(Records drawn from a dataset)
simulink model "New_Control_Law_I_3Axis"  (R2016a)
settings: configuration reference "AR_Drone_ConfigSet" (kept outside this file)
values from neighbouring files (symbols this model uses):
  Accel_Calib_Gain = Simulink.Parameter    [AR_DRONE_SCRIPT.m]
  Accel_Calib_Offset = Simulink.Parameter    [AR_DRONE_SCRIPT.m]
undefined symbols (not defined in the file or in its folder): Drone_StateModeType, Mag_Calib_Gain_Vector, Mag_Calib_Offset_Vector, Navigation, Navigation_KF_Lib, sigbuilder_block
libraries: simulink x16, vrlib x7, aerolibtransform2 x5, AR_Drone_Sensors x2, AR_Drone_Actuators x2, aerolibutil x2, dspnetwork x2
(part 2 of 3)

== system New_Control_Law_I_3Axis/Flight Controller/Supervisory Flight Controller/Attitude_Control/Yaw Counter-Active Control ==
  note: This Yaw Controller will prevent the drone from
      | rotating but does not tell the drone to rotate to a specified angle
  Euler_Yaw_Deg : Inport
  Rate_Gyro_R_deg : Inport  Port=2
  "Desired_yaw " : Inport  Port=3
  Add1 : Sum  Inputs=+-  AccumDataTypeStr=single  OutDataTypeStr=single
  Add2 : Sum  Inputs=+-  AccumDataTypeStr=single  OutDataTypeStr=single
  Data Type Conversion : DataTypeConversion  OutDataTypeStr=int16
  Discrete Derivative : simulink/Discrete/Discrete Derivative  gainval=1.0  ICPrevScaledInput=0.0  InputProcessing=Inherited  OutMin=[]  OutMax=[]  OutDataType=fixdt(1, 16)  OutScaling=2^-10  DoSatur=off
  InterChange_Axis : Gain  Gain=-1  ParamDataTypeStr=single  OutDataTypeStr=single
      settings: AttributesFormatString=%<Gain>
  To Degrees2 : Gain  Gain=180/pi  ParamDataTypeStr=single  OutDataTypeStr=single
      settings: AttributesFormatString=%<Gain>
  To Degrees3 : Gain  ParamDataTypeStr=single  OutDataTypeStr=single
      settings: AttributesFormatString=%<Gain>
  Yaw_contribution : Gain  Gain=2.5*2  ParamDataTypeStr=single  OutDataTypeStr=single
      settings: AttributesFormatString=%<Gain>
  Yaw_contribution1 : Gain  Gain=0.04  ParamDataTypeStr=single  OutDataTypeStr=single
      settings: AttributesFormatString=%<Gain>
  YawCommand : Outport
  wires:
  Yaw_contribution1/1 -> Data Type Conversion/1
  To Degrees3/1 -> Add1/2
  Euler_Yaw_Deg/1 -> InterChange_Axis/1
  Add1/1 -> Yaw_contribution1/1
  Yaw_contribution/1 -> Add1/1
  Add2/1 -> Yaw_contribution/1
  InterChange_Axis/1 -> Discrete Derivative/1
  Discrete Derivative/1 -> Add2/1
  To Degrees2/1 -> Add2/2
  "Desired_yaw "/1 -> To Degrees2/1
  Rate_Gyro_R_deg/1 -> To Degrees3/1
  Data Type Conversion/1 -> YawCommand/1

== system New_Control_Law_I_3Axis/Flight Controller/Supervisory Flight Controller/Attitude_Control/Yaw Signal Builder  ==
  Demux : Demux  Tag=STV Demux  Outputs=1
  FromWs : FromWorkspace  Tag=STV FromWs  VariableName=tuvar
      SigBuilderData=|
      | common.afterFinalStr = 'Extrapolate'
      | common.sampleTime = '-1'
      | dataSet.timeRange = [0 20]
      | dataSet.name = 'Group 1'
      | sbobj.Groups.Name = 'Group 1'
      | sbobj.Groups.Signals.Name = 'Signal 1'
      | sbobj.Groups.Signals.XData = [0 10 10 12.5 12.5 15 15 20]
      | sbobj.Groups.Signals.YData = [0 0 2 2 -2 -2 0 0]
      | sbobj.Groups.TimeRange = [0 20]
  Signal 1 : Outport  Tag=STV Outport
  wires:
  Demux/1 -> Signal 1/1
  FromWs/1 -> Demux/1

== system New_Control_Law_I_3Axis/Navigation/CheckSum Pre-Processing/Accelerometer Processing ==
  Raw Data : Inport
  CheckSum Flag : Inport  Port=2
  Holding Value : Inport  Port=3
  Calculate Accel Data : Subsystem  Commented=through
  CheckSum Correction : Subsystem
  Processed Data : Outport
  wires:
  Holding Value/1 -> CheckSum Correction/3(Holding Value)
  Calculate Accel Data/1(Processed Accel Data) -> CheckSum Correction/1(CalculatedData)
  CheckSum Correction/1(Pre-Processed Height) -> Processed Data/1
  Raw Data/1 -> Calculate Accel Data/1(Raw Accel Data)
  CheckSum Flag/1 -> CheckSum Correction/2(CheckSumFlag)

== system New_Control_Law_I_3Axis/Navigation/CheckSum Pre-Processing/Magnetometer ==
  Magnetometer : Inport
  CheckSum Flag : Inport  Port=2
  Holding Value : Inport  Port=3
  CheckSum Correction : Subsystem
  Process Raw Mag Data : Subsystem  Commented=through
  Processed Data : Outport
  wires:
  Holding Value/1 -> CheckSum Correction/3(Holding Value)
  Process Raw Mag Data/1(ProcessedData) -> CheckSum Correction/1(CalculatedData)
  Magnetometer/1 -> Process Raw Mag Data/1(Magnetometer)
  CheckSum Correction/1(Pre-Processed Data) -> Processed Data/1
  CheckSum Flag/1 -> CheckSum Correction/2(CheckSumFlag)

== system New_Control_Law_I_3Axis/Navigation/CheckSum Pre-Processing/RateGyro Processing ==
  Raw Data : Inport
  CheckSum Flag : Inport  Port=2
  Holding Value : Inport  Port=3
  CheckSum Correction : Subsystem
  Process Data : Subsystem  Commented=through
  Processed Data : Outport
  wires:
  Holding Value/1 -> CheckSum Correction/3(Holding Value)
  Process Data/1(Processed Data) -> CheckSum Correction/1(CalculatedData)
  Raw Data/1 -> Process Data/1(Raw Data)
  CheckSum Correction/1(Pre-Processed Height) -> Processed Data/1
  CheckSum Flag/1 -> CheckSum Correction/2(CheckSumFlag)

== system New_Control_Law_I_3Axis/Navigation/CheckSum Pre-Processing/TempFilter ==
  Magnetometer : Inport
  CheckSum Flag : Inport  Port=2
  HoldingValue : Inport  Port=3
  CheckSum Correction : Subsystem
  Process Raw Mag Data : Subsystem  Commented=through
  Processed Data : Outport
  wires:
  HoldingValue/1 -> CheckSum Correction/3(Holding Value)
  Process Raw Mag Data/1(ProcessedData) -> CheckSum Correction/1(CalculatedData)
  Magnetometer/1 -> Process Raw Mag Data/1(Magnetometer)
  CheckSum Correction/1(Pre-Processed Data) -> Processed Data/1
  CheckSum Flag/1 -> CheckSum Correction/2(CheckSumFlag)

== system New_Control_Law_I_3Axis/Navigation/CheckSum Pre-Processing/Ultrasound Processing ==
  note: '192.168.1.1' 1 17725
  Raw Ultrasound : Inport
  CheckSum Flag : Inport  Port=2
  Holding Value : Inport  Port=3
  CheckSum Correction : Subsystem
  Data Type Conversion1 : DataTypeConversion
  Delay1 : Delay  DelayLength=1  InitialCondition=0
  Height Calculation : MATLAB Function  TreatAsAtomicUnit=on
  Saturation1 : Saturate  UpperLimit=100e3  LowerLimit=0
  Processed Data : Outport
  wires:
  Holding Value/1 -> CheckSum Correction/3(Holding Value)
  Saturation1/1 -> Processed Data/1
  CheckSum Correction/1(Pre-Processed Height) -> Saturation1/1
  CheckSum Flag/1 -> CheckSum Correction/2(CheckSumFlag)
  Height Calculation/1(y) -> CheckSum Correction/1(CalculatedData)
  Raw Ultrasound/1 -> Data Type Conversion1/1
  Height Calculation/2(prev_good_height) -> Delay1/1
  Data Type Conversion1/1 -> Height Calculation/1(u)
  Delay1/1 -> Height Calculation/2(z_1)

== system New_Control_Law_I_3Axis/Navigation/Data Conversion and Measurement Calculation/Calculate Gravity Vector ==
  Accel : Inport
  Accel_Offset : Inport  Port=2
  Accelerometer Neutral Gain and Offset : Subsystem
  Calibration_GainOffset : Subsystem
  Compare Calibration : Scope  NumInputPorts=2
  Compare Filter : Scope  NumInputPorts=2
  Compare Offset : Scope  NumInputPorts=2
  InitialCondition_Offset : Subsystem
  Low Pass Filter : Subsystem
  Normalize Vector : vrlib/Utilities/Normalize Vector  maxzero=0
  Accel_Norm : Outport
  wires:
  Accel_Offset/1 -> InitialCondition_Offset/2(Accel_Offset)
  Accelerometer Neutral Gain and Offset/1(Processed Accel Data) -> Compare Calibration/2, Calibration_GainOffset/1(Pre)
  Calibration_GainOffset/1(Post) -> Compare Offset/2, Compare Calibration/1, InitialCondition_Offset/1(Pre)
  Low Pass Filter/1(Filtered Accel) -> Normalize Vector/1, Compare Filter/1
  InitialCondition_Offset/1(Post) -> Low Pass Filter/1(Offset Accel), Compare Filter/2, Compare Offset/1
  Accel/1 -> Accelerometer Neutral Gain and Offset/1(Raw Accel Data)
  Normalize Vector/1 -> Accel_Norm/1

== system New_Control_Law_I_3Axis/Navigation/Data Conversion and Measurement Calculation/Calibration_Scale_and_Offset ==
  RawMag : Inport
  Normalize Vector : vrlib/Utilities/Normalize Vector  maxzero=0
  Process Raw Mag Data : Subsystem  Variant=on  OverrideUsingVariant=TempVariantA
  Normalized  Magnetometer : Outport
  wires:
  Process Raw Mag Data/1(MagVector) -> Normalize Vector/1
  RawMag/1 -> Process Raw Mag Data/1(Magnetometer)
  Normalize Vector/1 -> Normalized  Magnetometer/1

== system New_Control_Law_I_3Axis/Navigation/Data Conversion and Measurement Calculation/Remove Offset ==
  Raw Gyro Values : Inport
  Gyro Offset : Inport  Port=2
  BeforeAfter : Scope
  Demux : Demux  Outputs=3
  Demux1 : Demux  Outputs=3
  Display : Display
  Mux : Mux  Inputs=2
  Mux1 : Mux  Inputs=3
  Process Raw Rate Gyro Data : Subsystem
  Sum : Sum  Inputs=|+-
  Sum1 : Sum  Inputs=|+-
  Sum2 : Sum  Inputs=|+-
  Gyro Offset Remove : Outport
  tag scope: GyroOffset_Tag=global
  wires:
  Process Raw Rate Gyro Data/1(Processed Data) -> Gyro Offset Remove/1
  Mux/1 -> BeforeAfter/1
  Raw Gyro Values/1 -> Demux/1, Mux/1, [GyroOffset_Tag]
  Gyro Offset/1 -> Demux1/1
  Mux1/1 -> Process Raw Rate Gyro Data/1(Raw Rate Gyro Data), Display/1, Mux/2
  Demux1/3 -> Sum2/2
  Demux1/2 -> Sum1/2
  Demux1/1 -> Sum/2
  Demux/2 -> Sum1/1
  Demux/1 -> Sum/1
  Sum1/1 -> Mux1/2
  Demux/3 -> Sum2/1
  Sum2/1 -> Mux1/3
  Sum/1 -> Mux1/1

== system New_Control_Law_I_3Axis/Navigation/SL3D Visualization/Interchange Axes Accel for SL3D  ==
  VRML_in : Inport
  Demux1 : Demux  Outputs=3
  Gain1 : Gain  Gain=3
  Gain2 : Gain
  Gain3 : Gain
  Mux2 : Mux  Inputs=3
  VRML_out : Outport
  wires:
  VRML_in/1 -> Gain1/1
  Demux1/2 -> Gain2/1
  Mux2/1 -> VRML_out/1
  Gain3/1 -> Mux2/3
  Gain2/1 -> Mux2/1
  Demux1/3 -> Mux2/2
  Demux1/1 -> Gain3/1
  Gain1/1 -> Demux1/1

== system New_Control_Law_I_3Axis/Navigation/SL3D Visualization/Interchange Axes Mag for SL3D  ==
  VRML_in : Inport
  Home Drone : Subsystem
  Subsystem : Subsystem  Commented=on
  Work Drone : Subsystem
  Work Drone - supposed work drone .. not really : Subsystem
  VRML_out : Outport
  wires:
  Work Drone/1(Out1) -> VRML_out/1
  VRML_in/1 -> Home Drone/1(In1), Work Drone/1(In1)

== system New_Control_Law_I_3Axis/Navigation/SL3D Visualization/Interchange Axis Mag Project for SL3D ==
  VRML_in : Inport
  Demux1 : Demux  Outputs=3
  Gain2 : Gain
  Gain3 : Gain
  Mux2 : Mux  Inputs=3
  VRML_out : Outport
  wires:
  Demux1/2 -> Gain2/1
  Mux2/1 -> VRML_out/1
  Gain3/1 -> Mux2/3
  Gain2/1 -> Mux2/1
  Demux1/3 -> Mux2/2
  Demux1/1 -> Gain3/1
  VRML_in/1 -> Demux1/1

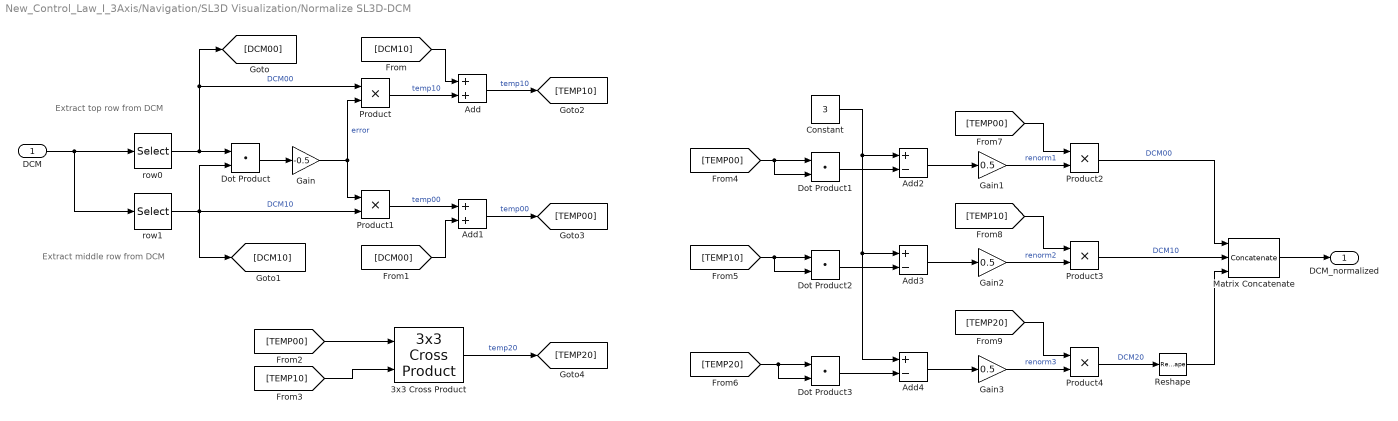
== system New_Control_Law_I_3Axis/Navigation/SL3D Visualization/Normalize SL3D-DCM ==
  note: Extract top row from DCM
  note: Extract middle row from DCM
  DCM : Inport  OutDataTypeStr=double  PortDimensions=[3,3]
  3x3 Cross Product : aerolibutil/3x3 Cross Product
  Add : Sum
  Add1 : Sum
  Add2 : Sum  Inputs=+-
  Add3 : Sum  Inputs=+-
  Add4 : Sum  Inputs=+-
  Constant : Constant  Value=3  OutDataTypeStr=double  SampleTime=-1
  Dot Product{,1..3} (4 alike) : DotProduct  InputSameDT=on  OutDataTypeStr=Inherit: Inherit via internal rule
  Gain : Gain  Gain=-0.5
  Gain1 : Gain  Gain=0.5  OutDataTypeStr=single
  Gain2 : Gain  Gain=0.5  OutDataTypeStr=single
  Gain3 : Gain  Gain=0.5  OutDataTypeStr=single
  Matrix Concatenate : Concatenate  NumInputs=3  Mode=Multidimensional array
  Product{,1..4} (5 alike) : Product  RndMeth=Zero
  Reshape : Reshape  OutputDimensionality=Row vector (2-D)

--- WHAT TO DO ---
State how many lines of the entries contain the word "DataTypeConversion". Nothing besides the number belongs in the reply.

--- YOUR RESPONSE ---
2